Using Amazon SNS to build fault tolerant and resilient solutions

3 min readMar 21, 2023

As most of us know that Amazon SNS (Simple Notification Service) is widely used for sending notifications in different formats from application-to-person (A2P) or application-to-application (A2A).

Many popular use cases where SNS is best fit being a fully managed services are:

Notifying teams about system failures
Notifying users of pending actions or status updates
Broadcasting campaigns (email/sms/mobile)
Triggering cross-application processes

One lesser used capability of Amazon SNS is ability to build fault tolerance and resiliency in your application. As our applications grow complex and de-coupled with use of multiple AWS services (each doing there specialized job) it becomes difficult build resilience in all the components and their interactions with each other.

SNS plays a very important role here, let’s start with the features which you might already know but might have not explored the other side of it :

1. Inbuilt retries

With clearly defined “delivery policy” for each delivery protocol, SNS ensures enough retries (or may be more than enough) are made when subscribers are down or under maintenance/upgrade.

Below table shows retry policies (at the time of writing the blog) :

Source : https://docs.aws.amazon.com/sns/latest/dg/sns-message-delivery-retries.html

2. Support for Custom Retry Policy (for HTTP/S only):

SNS doesn’t end at just providing inbuild delivery policies, it let’s you create your own delivery policy for HTTP/S endpoints. It means you can build your own complex retry mechanism with back-offs, delayed retry, throttling control etc. by simple configuration.
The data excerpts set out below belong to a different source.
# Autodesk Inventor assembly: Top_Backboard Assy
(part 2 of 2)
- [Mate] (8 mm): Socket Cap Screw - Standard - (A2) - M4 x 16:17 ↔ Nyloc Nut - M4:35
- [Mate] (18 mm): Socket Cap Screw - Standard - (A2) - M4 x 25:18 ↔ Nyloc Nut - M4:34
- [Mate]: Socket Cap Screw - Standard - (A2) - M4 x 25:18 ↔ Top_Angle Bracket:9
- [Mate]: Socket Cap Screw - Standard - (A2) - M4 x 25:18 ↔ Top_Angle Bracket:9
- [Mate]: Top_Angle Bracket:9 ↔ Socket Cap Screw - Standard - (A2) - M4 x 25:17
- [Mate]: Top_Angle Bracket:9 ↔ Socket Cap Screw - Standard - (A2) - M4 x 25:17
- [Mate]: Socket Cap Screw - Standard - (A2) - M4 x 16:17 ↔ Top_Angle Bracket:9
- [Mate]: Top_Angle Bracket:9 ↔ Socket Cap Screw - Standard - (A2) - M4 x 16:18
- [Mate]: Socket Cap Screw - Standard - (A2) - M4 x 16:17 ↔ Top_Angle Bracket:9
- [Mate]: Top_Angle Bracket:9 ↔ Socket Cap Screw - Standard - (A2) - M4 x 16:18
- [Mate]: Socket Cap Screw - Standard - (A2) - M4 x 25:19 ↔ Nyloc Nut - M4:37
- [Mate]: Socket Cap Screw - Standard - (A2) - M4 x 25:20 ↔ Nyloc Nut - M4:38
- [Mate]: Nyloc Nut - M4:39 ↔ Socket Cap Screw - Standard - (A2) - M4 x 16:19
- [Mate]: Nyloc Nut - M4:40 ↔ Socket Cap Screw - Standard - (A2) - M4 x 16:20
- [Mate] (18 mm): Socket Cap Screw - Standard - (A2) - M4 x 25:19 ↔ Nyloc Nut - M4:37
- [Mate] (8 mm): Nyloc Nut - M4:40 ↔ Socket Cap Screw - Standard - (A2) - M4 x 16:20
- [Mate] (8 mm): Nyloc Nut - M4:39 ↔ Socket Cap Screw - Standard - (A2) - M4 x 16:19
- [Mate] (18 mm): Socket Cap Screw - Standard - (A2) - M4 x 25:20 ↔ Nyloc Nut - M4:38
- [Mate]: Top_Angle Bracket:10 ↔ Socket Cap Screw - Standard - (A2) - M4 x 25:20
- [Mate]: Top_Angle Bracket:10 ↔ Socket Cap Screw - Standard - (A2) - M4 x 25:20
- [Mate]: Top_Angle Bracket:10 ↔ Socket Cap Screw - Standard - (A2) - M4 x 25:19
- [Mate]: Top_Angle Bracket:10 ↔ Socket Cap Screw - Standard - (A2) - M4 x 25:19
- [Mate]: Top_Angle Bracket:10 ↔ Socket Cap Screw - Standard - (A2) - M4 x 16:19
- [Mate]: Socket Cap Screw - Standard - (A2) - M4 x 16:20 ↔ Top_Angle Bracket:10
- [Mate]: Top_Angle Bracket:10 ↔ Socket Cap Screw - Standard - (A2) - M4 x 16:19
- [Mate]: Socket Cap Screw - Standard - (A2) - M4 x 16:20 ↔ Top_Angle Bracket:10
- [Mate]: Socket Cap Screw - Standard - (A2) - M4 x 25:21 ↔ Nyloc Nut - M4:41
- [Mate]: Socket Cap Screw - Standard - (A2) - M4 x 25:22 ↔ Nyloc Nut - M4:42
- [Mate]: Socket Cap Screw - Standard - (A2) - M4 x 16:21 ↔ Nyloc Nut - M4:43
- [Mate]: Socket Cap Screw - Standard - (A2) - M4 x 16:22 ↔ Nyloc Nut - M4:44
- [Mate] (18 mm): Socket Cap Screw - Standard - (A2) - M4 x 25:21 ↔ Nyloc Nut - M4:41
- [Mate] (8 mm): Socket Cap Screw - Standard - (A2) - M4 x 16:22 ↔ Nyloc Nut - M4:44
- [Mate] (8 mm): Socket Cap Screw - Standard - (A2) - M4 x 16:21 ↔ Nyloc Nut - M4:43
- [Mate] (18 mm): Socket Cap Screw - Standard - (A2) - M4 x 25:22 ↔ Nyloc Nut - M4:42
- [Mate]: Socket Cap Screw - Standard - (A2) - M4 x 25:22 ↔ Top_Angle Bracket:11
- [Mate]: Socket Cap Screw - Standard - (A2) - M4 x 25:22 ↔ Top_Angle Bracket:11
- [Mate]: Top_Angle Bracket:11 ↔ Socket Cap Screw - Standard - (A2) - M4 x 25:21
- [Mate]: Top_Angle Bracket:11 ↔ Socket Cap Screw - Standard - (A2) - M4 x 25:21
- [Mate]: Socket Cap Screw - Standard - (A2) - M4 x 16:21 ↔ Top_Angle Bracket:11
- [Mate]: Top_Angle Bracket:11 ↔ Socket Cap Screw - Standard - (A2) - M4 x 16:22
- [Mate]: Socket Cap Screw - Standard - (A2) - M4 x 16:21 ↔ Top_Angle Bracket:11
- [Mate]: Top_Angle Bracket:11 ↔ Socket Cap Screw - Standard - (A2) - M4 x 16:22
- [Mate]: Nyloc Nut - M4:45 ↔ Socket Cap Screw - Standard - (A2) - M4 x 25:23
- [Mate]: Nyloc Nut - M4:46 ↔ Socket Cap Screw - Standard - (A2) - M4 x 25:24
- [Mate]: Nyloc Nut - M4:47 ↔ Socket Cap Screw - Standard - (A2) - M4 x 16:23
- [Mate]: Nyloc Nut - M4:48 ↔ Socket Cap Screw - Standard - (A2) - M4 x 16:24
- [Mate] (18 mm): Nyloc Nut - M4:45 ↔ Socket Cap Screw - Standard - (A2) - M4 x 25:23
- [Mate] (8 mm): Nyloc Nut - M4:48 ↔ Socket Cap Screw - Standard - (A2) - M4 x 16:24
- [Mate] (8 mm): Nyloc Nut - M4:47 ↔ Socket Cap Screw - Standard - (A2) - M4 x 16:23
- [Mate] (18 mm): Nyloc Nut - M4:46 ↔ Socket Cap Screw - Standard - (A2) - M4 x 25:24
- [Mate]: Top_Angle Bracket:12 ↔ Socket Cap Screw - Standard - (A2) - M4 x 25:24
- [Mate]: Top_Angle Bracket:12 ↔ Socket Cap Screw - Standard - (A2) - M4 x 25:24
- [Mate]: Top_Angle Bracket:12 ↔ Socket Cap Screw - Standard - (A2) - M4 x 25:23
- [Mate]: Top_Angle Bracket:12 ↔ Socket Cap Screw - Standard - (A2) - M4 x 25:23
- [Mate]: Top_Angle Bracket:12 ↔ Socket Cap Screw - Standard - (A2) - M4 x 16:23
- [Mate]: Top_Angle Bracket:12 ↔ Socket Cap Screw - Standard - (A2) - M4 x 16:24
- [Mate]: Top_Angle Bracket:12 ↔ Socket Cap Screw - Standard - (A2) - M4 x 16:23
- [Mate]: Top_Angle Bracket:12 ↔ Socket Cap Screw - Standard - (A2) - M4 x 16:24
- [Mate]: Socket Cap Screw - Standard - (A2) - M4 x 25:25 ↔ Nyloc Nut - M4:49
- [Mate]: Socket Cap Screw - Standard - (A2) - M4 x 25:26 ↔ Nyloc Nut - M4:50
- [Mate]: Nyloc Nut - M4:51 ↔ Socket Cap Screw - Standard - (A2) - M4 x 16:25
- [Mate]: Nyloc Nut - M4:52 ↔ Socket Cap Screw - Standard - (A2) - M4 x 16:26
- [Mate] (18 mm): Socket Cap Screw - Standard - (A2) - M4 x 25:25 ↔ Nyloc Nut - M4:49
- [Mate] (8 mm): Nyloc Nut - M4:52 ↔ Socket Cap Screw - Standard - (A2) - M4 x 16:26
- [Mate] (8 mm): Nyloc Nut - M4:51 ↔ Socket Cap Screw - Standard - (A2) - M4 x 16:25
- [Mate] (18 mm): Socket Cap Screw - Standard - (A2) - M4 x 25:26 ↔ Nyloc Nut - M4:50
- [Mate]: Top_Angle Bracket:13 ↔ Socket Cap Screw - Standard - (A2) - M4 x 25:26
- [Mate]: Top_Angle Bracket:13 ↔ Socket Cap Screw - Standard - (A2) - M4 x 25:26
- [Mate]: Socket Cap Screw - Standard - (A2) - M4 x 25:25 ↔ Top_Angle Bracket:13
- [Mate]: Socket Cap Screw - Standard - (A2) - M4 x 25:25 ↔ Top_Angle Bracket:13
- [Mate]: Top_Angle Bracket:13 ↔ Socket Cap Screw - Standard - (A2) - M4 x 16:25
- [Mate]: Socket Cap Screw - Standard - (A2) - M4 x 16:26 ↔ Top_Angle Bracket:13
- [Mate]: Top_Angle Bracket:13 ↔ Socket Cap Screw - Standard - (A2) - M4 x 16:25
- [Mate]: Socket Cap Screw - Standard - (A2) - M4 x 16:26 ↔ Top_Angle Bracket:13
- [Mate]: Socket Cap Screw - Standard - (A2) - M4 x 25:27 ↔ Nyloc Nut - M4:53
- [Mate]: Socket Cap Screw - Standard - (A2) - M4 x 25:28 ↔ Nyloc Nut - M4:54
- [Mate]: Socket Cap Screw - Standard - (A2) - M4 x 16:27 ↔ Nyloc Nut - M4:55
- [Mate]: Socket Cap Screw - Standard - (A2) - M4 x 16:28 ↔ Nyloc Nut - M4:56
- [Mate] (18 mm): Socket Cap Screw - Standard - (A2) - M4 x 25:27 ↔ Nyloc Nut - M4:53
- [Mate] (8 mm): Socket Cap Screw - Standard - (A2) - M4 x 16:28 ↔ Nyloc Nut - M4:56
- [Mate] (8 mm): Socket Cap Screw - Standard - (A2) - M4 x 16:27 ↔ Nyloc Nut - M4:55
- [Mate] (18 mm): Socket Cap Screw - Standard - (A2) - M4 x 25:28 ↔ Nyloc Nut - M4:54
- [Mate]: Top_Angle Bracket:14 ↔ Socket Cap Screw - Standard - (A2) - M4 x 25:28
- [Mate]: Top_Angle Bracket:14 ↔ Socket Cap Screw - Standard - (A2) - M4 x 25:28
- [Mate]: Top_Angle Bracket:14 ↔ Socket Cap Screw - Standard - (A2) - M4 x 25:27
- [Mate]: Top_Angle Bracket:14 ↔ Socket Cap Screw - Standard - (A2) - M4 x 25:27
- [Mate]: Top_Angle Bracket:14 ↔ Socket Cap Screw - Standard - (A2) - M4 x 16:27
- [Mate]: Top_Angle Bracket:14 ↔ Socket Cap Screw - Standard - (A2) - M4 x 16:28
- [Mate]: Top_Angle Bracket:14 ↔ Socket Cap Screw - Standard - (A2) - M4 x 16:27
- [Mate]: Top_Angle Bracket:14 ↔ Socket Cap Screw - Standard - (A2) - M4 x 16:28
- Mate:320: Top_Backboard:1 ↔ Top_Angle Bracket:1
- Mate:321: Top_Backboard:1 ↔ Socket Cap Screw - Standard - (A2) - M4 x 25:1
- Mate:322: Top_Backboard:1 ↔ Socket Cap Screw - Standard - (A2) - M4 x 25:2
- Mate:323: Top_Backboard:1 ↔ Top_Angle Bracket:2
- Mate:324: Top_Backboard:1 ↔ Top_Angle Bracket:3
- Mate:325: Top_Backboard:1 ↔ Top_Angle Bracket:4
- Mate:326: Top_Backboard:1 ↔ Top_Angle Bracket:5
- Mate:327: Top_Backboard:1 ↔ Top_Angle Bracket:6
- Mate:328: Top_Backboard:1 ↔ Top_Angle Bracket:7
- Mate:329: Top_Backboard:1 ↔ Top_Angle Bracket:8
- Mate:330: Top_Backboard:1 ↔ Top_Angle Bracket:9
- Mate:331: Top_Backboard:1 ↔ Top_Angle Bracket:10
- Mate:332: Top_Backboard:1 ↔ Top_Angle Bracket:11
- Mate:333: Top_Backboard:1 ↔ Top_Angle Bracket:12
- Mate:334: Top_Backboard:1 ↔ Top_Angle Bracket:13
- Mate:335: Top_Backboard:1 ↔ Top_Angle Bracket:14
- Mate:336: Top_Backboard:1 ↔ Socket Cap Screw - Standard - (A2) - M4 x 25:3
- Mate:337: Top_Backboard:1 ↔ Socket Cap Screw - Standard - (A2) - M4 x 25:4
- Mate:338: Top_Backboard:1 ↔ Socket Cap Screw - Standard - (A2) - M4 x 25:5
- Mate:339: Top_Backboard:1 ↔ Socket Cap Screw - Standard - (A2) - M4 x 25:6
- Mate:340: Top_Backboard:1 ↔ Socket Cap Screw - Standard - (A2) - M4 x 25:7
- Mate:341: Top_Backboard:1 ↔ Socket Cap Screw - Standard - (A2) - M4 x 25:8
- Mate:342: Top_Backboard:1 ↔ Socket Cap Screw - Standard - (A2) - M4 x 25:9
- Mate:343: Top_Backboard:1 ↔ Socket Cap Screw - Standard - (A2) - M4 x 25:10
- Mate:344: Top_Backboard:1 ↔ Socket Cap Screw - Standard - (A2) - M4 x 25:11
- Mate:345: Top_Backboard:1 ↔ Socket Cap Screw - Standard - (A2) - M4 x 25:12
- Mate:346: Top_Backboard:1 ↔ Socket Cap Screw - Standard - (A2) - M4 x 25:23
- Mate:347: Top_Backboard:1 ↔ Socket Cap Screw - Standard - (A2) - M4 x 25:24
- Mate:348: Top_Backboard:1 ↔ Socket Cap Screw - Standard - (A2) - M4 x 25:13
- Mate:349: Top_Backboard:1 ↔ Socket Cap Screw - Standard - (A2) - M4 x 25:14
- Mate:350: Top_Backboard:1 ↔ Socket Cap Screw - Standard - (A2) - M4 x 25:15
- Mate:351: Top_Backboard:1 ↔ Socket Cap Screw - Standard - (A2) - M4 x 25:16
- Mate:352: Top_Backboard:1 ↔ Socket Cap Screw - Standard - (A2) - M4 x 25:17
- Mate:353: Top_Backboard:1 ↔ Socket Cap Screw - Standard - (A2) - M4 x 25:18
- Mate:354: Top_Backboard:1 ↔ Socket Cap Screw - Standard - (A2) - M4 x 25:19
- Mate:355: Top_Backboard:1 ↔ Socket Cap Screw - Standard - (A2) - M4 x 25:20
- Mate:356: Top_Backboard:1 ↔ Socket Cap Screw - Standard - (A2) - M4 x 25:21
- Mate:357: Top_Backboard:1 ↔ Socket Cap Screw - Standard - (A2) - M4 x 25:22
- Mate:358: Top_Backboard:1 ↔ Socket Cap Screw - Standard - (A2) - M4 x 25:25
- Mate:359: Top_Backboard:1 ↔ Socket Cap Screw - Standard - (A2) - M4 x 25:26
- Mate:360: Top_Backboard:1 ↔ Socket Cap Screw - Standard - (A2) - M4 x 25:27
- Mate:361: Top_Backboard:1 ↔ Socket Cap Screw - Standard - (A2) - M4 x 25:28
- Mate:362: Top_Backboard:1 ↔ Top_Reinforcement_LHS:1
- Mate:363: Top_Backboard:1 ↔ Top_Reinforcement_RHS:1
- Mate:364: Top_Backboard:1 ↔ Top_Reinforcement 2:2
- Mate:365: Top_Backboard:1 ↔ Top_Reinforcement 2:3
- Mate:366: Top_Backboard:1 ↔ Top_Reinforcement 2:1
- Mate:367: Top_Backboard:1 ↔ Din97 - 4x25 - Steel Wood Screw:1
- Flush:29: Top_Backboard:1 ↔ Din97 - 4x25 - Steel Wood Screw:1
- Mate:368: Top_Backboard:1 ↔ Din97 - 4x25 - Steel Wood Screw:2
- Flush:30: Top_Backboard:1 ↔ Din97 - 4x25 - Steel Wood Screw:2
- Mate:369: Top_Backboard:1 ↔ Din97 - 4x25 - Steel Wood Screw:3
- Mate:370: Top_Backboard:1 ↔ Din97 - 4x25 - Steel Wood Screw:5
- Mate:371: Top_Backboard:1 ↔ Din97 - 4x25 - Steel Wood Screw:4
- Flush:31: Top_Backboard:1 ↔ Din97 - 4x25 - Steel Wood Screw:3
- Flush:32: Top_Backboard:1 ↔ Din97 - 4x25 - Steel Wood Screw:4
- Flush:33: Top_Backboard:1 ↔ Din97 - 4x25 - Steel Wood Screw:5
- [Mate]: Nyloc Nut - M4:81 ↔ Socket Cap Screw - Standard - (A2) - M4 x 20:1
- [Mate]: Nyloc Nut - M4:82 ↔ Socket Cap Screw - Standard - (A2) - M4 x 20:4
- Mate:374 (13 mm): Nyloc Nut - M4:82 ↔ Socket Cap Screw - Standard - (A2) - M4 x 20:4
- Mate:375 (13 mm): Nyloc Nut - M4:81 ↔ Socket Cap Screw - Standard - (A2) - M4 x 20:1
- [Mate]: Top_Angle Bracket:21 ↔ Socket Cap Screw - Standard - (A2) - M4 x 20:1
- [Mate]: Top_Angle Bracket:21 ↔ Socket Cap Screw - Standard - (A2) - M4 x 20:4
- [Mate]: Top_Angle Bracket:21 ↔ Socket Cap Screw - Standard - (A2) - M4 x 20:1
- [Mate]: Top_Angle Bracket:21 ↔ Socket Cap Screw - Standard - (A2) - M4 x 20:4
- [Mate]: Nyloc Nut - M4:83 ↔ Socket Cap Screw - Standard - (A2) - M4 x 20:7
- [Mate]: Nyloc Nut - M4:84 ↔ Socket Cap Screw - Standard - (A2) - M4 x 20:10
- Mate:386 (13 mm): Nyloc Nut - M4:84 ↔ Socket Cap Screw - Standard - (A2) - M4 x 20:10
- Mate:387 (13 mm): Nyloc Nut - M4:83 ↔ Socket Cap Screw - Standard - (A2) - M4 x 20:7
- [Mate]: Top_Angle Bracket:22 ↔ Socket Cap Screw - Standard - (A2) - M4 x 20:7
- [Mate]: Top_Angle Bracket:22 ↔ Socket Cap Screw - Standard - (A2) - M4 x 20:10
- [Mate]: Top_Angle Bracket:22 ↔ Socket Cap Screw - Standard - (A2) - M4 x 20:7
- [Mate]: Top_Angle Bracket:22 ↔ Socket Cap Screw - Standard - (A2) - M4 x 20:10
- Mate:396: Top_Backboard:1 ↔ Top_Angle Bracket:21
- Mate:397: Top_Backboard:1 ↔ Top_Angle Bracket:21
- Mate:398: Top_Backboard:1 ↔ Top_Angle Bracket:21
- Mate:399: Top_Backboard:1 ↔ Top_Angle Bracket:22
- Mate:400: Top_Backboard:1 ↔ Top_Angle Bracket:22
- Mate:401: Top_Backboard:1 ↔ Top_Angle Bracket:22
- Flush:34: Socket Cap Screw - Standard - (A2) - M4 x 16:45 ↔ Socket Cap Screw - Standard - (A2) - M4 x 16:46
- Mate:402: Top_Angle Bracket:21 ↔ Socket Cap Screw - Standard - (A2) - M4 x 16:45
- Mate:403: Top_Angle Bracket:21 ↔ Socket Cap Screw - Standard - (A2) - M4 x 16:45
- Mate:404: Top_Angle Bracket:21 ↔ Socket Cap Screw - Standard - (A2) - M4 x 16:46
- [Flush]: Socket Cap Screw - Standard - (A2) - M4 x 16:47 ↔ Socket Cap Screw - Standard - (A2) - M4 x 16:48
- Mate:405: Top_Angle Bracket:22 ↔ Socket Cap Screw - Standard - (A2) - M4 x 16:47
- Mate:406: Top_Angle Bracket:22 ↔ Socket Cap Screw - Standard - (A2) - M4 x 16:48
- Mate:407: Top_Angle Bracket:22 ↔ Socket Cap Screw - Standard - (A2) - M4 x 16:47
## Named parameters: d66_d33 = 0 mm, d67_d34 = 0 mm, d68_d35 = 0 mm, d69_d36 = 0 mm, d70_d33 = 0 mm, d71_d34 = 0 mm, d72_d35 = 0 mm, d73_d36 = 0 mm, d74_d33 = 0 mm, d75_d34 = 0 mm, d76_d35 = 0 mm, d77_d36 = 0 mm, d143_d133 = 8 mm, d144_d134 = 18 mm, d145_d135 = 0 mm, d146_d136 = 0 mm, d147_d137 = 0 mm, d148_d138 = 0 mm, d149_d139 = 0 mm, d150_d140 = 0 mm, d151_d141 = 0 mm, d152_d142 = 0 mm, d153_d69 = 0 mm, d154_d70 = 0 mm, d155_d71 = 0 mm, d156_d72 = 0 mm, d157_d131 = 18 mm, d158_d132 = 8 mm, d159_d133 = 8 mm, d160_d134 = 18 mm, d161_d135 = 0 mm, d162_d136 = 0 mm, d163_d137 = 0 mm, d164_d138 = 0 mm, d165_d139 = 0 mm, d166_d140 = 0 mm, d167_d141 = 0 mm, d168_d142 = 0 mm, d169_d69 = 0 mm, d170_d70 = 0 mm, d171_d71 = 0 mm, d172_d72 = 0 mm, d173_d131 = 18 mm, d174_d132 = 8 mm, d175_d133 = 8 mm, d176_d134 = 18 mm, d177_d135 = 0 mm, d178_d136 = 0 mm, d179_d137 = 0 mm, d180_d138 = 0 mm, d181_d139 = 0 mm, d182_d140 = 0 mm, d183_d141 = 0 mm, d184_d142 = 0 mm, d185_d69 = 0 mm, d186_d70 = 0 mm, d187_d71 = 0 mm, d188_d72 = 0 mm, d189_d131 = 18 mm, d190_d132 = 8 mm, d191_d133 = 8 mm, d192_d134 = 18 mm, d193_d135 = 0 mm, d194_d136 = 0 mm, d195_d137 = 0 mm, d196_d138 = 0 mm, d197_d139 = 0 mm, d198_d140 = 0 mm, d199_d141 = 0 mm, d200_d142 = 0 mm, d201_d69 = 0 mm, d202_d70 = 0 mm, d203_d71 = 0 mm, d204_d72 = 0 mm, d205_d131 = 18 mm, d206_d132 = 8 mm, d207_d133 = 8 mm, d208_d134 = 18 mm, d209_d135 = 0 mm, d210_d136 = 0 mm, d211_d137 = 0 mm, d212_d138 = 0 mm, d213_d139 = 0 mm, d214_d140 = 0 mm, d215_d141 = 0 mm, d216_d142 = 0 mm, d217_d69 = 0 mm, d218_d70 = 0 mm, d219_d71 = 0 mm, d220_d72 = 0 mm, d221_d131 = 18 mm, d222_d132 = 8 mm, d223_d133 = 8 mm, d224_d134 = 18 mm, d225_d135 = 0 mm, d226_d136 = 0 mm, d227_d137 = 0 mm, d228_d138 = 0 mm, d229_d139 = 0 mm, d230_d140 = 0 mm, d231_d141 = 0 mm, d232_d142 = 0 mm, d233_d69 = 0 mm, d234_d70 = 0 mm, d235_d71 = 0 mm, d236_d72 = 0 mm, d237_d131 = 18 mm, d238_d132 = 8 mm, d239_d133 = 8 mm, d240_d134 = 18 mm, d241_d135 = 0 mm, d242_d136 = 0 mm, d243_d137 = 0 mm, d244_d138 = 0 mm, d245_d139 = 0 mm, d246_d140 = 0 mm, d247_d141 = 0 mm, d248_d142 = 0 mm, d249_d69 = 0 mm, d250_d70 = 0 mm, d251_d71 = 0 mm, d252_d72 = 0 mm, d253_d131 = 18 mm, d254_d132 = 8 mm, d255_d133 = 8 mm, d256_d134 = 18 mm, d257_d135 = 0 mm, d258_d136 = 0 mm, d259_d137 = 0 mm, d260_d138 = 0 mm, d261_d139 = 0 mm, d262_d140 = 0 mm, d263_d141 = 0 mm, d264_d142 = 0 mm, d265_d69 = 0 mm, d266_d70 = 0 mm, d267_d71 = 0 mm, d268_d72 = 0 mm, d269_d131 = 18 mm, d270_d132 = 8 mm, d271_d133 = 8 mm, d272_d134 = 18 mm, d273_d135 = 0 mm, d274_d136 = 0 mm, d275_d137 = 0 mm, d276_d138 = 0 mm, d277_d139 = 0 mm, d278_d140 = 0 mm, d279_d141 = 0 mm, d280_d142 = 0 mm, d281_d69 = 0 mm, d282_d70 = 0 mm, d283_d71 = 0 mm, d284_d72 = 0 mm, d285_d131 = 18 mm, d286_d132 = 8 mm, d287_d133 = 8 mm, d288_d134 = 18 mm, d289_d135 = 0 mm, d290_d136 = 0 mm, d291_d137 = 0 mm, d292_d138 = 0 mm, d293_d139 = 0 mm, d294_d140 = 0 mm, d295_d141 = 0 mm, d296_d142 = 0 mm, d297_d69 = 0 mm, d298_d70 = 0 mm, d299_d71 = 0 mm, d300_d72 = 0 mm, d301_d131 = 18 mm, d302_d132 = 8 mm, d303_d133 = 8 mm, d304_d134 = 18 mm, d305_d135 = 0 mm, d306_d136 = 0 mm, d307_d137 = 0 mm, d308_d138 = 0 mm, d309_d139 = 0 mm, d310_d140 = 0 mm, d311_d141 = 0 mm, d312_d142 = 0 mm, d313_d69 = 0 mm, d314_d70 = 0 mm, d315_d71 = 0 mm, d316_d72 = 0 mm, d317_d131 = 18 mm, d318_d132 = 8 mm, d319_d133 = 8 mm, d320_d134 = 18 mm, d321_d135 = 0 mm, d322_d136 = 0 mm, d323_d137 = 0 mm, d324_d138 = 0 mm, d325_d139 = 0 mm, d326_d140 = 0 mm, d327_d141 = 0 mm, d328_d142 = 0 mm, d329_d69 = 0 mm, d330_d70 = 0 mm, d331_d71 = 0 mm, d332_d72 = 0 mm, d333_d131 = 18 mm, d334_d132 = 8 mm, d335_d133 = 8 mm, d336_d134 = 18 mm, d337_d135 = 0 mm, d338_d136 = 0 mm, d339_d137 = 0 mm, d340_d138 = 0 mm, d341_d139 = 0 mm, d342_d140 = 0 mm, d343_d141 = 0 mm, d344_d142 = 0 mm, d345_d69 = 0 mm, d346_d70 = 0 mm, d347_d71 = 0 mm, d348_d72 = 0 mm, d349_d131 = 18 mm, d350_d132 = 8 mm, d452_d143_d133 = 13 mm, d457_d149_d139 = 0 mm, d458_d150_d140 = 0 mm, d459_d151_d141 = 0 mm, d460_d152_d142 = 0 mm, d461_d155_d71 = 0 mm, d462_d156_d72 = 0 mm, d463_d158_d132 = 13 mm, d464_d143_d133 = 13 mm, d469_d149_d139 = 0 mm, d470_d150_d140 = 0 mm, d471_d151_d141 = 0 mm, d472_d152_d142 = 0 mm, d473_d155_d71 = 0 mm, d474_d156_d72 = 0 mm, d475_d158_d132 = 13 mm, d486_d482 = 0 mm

3. Delivery Status Tracking along with Failed messages :

SNS provides logging of delivery status which can help you identify whether the message reached SNS, was SNS able to deliver the message to endpoint, response from the endpoint and dwell time. You can also attach dead-letter queue to the subscription so it will store/track all messages which couldn’t be delivered (even after multiple attempts mentioned in Step 1). This tracking information and dead-letter queue can be used to identify failures, delays and setup corresponding remediation easily.

Now let’s explore how SNS is able to enhance and improve your application/system resilience using above mentioned features (and other capabilities)

1. Building highly available and fault tolerant cross-service integrations

A complex system/application has multiple cross-component integrations and each component might be build using different AWS service (or 3rd Party service) which bring a lot of overhead of building so many heterogenous interfaces and bring high-availability/fault tolerance in each of them. SNS comes to rescue here by providing ability to receive event driven notifications + performing required fan-out between

Almost all major AWS services
3rd Party Services
Custom/On-Premise services

2. Ability to route Business-logic and Code level failures to corresponding handlers for remediation

All systems (specially complex ones) have lot of business logic and lot of code to support it, there are chances when things don’t go as expected and failures are inevitable. Instead of building repeated error handling scenarios these errors can be tagged with custom attributes and sent to SNS which will filter and route these errors to relevant error handling endpoints using subscription filter policy.

For more details on SNS Subscription Filters refer:

Amazon SNS message filtering

Learn how to selectively receive messages published to a topic by assigning filter policies to your Amazon SNS…

docs.aws.amazon.com

This can be used to trigger specific endpoints based on type of failure like:

Inform Business Team to fix the data and possibly re-run the failed process post resolution

Email Id is missing or incorrect

2. Inform 3rd Party system about the failed request and ask for remediation

Partner API is down / Partner endpoint not responding as expected etc.

Conclusion : AWS SNS capabilities are not just restricted to sending notifications alone and can be used in various different scenarios to improve fault tolerance and resilience of any complex system.